# Help Identify This Tool



## summerfi (Oct 12, 2013)

I picked this up at a flea market, but I don't know what it is. It's not a chisel. The blade is marked Tobrin Tool Co. Plantsville, Conn. The handle is like a "perfect handle" screwdriver. The blade is heavy, rounded on the edges, and tapered in thickness. The tip of the blade is beveled on each side, but I don't know if that's how it originally came. The overall length is about 13". My best guess is a gasket scraper, but I'd like to hear other thoughts.


----------



## bandit571 (Jan 20, 2011)

Maybe it was used to spread melted solder on auto bodies?

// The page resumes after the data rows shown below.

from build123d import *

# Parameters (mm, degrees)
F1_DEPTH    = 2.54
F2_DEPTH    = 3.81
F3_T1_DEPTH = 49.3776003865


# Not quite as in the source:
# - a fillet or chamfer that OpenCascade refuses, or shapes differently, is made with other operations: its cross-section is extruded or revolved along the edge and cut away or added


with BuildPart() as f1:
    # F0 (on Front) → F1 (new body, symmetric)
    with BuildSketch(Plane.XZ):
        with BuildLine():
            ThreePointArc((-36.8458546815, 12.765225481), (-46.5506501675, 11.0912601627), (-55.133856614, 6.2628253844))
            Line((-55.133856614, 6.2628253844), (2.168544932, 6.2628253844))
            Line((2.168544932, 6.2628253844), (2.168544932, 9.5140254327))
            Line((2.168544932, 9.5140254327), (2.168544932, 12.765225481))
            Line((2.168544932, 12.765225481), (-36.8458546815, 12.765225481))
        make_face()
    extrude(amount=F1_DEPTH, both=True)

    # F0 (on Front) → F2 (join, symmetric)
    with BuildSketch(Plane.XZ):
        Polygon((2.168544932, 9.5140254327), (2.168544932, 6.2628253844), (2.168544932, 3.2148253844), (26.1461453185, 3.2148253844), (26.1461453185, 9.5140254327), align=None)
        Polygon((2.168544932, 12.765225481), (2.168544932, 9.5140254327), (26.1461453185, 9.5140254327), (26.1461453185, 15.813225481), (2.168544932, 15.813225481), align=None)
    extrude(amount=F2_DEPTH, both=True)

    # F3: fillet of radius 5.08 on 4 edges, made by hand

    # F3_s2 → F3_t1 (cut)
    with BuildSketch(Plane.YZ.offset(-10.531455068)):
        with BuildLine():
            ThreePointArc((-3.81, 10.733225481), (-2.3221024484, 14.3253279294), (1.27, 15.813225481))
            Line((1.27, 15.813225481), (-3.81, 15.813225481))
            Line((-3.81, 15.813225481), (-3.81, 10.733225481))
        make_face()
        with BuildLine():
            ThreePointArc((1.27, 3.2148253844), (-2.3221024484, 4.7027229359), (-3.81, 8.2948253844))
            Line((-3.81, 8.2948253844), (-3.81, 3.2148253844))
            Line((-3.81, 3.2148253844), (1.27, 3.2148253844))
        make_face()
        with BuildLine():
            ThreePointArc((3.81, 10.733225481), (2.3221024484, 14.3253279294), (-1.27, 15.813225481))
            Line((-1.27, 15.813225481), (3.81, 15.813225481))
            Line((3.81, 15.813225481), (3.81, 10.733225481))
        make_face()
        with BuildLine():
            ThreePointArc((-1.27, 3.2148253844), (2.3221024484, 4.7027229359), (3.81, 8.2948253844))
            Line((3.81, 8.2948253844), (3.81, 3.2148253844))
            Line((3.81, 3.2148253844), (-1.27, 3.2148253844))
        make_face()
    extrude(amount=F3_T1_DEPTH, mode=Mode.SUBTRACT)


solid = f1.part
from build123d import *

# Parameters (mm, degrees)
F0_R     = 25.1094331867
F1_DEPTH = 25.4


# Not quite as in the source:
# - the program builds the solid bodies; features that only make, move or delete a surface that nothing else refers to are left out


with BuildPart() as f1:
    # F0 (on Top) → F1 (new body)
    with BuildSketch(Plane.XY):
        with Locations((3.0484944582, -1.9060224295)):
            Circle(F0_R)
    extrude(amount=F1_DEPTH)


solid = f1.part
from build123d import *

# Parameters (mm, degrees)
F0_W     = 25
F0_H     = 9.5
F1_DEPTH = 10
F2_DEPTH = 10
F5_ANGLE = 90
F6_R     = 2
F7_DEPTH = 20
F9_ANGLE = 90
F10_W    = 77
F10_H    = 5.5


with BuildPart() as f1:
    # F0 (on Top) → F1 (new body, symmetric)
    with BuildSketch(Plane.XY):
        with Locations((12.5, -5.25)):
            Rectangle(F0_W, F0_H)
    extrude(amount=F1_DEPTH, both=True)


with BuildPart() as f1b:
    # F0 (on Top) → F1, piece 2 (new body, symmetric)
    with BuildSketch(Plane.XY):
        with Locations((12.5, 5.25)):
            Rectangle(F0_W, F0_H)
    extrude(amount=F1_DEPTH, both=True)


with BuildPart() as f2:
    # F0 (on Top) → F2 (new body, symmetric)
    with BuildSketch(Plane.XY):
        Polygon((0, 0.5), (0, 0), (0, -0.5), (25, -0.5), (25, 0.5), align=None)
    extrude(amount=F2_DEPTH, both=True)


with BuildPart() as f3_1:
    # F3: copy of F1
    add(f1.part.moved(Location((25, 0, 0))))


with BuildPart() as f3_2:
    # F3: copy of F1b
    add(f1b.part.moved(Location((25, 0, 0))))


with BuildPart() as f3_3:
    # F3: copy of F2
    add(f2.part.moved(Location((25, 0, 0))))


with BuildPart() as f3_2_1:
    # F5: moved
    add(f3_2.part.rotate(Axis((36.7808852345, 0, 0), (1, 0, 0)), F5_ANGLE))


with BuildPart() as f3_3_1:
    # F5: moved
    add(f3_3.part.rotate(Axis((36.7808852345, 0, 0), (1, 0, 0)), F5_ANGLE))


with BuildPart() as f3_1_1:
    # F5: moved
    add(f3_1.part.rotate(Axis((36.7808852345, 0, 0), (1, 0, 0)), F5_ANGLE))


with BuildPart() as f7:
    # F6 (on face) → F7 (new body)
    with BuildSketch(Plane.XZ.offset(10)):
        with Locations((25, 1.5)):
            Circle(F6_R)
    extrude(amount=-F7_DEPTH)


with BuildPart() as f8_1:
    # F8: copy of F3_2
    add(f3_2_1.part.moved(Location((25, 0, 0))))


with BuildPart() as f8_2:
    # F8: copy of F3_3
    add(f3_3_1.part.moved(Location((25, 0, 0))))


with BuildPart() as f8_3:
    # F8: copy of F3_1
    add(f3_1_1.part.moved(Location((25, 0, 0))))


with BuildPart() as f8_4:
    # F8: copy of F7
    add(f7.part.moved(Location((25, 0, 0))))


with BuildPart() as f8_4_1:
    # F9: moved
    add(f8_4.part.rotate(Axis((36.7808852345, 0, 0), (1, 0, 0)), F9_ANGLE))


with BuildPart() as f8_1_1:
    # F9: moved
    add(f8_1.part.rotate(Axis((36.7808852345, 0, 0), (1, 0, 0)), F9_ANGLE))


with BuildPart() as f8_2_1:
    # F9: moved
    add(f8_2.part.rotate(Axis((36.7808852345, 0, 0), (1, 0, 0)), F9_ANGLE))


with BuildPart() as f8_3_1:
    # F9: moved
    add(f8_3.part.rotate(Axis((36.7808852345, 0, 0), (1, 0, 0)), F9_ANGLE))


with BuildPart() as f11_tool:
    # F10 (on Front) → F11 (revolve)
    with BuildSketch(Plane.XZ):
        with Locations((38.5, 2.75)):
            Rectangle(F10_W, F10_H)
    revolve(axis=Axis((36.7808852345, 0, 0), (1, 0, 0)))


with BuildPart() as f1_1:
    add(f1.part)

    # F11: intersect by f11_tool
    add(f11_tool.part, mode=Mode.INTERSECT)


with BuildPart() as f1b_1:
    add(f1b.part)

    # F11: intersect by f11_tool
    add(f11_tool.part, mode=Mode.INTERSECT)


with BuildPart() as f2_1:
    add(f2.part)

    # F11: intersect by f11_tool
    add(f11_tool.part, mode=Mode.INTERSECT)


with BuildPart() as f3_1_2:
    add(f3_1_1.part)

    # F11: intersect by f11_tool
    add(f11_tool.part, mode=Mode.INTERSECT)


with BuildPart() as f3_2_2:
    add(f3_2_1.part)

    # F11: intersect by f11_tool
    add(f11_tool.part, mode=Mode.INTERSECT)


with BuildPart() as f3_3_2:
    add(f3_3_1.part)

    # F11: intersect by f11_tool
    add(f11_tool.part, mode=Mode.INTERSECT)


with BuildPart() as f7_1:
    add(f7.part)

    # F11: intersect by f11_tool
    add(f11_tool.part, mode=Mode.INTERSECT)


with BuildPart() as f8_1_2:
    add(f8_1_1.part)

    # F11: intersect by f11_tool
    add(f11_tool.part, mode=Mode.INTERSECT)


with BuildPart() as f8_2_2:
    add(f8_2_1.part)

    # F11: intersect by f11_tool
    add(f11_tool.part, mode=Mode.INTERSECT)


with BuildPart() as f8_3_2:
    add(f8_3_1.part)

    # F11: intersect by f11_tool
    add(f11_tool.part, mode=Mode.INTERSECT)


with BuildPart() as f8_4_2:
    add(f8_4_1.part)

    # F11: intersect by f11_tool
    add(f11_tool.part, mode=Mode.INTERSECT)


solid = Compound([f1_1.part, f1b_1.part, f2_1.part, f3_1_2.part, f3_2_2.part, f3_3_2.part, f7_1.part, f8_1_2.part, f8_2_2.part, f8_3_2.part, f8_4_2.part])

Like the joints around a fender.


----------



## Wolfdaddy (May 18, 2013)

Looks like it could be a tire tool that somebody ground into a chisel. Google turned up this: https://www.mjdtools.com/ToolItem.php?item=131322&list=1358


----------



## summerfi (Oct 12, 2013)

Nice find. That certainly does look like the same tool. They don't say what it is though, and it seems they probably don't know either. But they're not timid about asking a big price!


----------



## bigblockyeti (Sep 9, 2013)

Most of the leading tools I've seen are wood to keep the lead from sticking. The tool in the link sure does look like some kind of spatula though. I've worked with several tire tools and this doesn't look like anything that I have experienced.


----------



## summerfi (Oct 12, 2013)

This is a tire tool made by H.D. Smith Co., which I believe was bought out by Tobrin. They appear fairly similar.


----------



## chrisstef (Mar 3, 2010)

Hmm. Plantsville is only a few towns away from me. I believe pexto was in the same town. Plantsville is really part of southington so that could be throwing google searches off the scent.


----------



## chrisstef (Mar 3, 2010)

I could see that being a tire tool bob. Held in a dagger position the tapered end would ride between the bead of the tire and the edge of the rim. The hd smith looks like its got a slight bend at the tip (lol) maybe the tobrin is worn down?


----------



## donwilwol (May 16, 2011)

tire tools do not typically have square corners. Corners and tubes don't go well putting a tire together or taking it apart.


----------



## bondogaposis (Dec 18, 2011)

I can't say for sure, but it could have been used to apply hot patches to tire tubes. I remember watching my Dad do that when I was young, he didn't have a tool like that just a hunk of iron. He would apply the patch w/ rubber cement then set it on fire after it started to blister he would put the hunk of iron on the patch and apply pressure. A tire shop would have dedicated tool like yours, maybe, just speculating.


----------



## chrisstef (Mar 3, 2010)

Good call don. Im jumpin on the bondo theory.


----------



## changeoffocus (Dec 21, 2013)

I think it is a wedge with a handle. The shape is very similar to the small wedges I have. 
One could use it with one hand like a pry bar with a longer incline.


----------



## summerfi (Oct 12, 2013)

I think the end was originally rounded like this picture on the Donnelly tool site in the link provided by Wolfdaddy above. Based on that, I'm going to go with tire iron. Donnelly is asking $125 for his, but since I'm a nice guy I'll give this to the first person who hands me $100 cash. ;-)


----------



## donwilwol (May 16, 2011)

I'd make it round again and send it to Donnelly to sell for you!


----------



## OldWrangler (Jan 13, 2014)

What does the stamp say? Does it give a patent date? If so, the tool can be traced by the date.


----------



## fuigb (Apr 21, 2010)

Just curious: why did you buy it?


----------



## summerfi (Oct 12, 2013)

> What does the stamp say? Does it give a patent date? If so, the tool can be traced by the date.
> 
> - OldWrangler


The Tobrin Tool Co., Made In Plantsville, Conn. USA. No patent date.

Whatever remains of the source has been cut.